◆ Problem description ◆
For the entries below, the result should be an exact transcription of the lines from the one with "Unit Delay1/1 -> Unit Delay2/1, [y_k_2]" up to and including the one with "[r_k_1] -> Mux7/2", and only those.

Content starts

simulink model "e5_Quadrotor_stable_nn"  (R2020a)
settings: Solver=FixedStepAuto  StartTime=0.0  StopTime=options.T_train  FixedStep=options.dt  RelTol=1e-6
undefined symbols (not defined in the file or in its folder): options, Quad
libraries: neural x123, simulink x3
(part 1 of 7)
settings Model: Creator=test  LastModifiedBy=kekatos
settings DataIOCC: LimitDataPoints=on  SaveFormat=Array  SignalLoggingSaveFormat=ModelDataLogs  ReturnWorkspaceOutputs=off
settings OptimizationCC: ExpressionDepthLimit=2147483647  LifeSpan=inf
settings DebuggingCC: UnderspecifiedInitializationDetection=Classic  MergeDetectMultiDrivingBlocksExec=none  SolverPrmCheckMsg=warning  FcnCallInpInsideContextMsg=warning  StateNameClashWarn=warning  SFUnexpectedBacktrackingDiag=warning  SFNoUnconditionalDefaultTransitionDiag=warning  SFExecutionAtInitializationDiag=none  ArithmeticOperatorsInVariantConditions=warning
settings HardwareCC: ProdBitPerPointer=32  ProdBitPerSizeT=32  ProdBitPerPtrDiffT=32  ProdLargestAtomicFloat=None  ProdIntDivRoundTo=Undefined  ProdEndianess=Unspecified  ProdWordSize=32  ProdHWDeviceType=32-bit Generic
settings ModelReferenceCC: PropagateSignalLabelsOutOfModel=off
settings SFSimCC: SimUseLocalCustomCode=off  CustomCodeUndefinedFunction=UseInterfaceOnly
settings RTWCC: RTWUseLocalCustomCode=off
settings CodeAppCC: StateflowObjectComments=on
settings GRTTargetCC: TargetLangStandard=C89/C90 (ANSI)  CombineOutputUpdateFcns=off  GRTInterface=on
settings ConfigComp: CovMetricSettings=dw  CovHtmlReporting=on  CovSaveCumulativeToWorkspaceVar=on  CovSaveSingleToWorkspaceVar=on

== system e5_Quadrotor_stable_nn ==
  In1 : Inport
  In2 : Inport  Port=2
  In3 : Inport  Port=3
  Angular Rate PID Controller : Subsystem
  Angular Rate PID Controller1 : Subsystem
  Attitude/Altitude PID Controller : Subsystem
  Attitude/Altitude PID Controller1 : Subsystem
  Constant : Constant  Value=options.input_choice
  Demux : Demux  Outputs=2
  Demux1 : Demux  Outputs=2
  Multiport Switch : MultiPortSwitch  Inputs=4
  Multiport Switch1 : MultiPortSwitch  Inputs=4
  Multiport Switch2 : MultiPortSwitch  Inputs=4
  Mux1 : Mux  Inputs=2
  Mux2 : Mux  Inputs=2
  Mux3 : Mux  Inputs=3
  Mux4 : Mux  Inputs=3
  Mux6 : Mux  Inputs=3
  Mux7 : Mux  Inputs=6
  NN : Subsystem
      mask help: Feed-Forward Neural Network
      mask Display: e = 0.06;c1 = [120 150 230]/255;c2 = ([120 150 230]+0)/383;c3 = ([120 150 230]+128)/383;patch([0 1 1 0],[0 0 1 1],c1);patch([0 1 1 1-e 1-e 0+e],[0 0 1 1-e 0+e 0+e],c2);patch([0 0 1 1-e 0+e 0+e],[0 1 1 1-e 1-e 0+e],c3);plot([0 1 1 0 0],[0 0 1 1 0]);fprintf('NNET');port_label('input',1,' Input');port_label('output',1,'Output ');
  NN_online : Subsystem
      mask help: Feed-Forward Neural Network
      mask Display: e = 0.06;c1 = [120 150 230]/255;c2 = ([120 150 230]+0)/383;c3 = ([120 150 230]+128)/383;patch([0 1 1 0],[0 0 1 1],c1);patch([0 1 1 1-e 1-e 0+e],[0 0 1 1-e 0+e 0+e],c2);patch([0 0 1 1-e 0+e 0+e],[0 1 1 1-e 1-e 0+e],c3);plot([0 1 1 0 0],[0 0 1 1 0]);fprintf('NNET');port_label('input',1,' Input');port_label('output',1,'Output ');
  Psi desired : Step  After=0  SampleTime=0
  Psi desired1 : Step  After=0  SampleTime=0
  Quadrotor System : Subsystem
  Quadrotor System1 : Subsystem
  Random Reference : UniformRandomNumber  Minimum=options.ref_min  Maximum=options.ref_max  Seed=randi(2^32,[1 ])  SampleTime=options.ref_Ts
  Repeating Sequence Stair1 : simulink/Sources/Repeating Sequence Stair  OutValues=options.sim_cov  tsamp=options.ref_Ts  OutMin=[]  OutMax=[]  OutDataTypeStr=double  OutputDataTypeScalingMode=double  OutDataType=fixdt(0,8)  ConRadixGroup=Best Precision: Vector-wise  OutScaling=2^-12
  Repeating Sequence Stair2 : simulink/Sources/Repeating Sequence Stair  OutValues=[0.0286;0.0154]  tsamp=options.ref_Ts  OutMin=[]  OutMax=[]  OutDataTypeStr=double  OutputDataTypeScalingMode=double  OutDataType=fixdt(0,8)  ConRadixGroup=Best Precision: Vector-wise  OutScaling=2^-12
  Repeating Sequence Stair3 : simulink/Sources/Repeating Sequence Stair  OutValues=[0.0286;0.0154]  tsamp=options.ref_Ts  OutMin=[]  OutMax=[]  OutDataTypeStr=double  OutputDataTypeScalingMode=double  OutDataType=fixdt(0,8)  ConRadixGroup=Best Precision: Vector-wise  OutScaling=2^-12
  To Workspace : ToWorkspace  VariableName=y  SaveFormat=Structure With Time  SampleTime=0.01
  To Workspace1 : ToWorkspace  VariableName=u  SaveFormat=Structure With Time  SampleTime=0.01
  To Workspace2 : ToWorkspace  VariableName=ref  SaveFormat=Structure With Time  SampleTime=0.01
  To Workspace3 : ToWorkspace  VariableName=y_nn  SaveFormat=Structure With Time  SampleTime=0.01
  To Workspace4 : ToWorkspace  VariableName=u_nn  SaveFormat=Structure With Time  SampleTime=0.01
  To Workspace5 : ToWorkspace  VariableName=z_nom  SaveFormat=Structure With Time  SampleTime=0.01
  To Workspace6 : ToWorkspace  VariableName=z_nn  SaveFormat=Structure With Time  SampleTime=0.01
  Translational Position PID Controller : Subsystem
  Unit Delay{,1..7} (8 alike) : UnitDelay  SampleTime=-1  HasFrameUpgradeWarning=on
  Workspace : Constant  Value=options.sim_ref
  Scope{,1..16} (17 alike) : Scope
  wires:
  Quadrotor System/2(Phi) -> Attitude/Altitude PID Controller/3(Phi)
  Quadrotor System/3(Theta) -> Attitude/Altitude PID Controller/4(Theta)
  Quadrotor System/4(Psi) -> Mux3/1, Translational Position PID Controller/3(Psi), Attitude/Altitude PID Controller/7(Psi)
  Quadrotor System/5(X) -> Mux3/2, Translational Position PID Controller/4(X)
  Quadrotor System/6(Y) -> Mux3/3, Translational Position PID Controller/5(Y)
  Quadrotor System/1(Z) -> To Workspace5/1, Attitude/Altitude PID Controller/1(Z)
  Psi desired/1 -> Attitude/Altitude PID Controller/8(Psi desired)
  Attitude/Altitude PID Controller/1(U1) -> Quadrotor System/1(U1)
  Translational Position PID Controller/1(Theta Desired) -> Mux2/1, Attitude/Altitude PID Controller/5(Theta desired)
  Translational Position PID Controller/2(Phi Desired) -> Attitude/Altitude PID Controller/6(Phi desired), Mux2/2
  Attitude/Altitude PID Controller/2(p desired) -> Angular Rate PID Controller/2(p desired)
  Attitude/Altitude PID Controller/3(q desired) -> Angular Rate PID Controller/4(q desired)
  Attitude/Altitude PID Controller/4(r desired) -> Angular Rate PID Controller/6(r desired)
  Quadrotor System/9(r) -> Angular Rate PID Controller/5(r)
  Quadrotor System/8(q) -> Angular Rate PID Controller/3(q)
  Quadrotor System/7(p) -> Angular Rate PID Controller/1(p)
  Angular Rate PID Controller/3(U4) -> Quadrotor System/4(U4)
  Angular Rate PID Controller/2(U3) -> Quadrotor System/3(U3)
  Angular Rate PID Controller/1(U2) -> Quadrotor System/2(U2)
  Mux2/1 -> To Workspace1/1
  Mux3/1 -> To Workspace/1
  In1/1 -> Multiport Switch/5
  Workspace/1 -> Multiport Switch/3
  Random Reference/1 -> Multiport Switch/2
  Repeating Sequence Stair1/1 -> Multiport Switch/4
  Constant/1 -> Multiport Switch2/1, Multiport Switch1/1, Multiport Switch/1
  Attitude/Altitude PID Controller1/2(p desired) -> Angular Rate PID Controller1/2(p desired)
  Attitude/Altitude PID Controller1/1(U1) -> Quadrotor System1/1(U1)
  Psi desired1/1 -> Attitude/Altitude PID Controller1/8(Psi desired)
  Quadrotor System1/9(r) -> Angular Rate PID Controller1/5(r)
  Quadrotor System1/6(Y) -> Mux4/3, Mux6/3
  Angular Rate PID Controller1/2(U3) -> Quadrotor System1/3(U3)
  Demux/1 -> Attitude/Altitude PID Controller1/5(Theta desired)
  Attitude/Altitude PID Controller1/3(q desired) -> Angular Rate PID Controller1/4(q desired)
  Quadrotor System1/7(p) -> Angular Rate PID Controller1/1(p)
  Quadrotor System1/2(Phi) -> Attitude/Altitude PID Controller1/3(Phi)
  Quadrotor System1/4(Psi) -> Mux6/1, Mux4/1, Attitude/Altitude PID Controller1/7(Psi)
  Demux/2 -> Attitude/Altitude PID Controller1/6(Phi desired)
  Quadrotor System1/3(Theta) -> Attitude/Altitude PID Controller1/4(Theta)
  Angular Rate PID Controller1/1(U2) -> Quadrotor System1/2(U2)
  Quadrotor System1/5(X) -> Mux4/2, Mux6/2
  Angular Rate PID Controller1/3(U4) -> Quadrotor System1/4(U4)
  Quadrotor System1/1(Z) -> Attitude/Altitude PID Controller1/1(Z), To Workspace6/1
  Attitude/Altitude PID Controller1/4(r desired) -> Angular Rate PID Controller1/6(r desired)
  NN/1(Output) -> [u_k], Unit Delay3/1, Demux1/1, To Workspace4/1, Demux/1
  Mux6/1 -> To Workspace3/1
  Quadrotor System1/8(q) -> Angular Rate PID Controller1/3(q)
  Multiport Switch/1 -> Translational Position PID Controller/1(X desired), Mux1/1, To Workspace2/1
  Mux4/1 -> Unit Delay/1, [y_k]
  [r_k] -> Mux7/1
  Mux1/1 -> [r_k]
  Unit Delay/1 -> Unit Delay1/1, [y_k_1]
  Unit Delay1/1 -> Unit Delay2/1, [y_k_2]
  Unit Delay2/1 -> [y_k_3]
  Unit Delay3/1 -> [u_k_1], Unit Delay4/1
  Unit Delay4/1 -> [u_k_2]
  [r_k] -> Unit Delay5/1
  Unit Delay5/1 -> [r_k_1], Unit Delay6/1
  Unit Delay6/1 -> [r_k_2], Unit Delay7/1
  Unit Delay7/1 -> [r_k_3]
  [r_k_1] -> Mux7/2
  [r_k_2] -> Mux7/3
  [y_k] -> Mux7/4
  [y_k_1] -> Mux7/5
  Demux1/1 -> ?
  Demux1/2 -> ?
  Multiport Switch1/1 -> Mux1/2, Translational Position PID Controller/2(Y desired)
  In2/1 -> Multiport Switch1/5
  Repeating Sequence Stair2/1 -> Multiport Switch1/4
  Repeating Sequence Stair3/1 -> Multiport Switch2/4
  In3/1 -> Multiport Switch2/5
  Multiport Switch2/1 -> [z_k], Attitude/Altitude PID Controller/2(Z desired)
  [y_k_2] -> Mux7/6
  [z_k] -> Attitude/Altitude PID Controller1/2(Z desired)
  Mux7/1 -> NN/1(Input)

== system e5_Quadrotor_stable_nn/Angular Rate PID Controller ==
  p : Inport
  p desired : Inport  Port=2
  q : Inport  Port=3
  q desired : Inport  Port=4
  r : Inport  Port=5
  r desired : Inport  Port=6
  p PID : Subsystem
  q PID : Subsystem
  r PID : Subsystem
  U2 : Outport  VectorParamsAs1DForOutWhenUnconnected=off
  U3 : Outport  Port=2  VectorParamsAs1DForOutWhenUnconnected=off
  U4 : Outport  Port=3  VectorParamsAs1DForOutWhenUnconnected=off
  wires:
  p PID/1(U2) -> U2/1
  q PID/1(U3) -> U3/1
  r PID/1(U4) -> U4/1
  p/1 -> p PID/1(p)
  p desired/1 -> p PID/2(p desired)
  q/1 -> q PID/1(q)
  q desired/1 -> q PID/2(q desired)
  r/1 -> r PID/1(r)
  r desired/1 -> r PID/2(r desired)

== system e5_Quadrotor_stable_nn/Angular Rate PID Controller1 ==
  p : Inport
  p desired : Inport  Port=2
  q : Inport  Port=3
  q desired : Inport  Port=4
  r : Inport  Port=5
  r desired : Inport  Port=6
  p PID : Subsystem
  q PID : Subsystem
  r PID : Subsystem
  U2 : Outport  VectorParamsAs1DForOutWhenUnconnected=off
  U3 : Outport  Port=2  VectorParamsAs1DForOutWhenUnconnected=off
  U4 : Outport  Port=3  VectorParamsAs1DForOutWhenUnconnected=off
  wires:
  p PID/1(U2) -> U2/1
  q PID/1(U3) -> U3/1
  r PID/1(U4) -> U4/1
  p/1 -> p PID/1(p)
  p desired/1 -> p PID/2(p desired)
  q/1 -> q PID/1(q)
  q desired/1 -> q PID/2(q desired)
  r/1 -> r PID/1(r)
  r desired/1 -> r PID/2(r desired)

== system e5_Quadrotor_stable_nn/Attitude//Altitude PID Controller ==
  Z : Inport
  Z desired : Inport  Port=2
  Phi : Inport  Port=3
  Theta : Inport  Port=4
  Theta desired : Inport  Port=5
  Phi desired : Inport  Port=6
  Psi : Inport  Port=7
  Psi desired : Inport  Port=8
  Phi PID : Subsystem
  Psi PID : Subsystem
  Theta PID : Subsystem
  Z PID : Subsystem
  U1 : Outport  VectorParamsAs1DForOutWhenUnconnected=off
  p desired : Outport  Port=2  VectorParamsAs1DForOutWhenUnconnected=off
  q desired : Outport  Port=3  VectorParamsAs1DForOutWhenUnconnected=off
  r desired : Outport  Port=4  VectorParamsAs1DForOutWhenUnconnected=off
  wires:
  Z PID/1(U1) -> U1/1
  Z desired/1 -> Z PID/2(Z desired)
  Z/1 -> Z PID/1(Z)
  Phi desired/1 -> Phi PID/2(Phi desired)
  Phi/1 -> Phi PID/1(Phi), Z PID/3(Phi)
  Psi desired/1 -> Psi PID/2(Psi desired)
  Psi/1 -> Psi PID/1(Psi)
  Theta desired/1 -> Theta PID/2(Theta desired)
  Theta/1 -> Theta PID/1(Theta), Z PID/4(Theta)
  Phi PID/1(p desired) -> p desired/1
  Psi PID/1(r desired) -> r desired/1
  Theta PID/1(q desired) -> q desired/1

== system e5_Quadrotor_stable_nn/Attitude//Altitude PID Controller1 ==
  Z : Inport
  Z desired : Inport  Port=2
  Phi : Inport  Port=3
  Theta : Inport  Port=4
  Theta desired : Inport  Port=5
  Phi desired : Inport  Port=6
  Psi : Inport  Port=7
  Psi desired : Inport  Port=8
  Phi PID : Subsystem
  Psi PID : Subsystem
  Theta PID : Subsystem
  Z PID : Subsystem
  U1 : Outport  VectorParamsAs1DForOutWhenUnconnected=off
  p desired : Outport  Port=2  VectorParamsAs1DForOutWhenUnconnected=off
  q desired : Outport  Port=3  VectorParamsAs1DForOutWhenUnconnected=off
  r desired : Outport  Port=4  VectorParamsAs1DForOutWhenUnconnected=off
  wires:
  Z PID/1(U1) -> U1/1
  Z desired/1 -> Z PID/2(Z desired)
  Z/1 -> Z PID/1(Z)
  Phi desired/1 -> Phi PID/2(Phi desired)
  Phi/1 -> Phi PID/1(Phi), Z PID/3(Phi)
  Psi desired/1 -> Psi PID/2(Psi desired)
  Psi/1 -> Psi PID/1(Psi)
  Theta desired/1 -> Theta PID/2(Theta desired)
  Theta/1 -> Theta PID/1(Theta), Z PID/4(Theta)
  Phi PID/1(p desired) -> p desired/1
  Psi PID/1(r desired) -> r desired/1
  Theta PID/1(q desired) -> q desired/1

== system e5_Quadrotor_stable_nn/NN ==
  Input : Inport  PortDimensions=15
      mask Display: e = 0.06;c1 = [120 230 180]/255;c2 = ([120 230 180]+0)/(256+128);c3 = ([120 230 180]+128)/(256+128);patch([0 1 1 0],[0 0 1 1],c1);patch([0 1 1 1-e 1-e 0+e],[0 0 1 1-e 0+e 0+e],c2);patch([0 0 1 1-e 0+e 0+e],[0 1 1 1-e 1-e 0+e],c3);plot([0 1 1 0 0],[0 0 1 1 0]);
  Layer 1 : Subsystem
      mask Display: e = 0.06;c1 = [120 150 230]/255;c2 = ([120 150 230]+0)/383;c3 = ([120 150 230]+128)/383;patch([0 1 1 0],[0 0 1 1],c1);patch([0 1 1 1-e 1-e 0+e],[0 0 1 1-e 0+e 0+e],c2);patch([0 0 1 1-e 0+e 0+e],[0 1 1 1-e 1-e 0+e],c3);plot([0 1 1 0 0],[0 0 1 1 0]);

Content ends

◆ Response to the exercise ◆
  Unit Delay1/1 -> Unit Delay2/1, [y_k_2]
  Unit Delay2/1 -> [y_k_3]
  Unit Delay3/1 -> [u_k_1], Unit Delay4/1
  Unit Delay4/1 -> [u_k_2]
  [r_k] -> Unit Delay5/1
  Unit Delay5/1 -> [r_k_1], Unit Delay6/1
  Unit Delay6/1 -> [r_k_2], Unit Delay7/1
  Unit Delay7/1 -> [r_k_3]
  [r_k_1] -> Mux7/2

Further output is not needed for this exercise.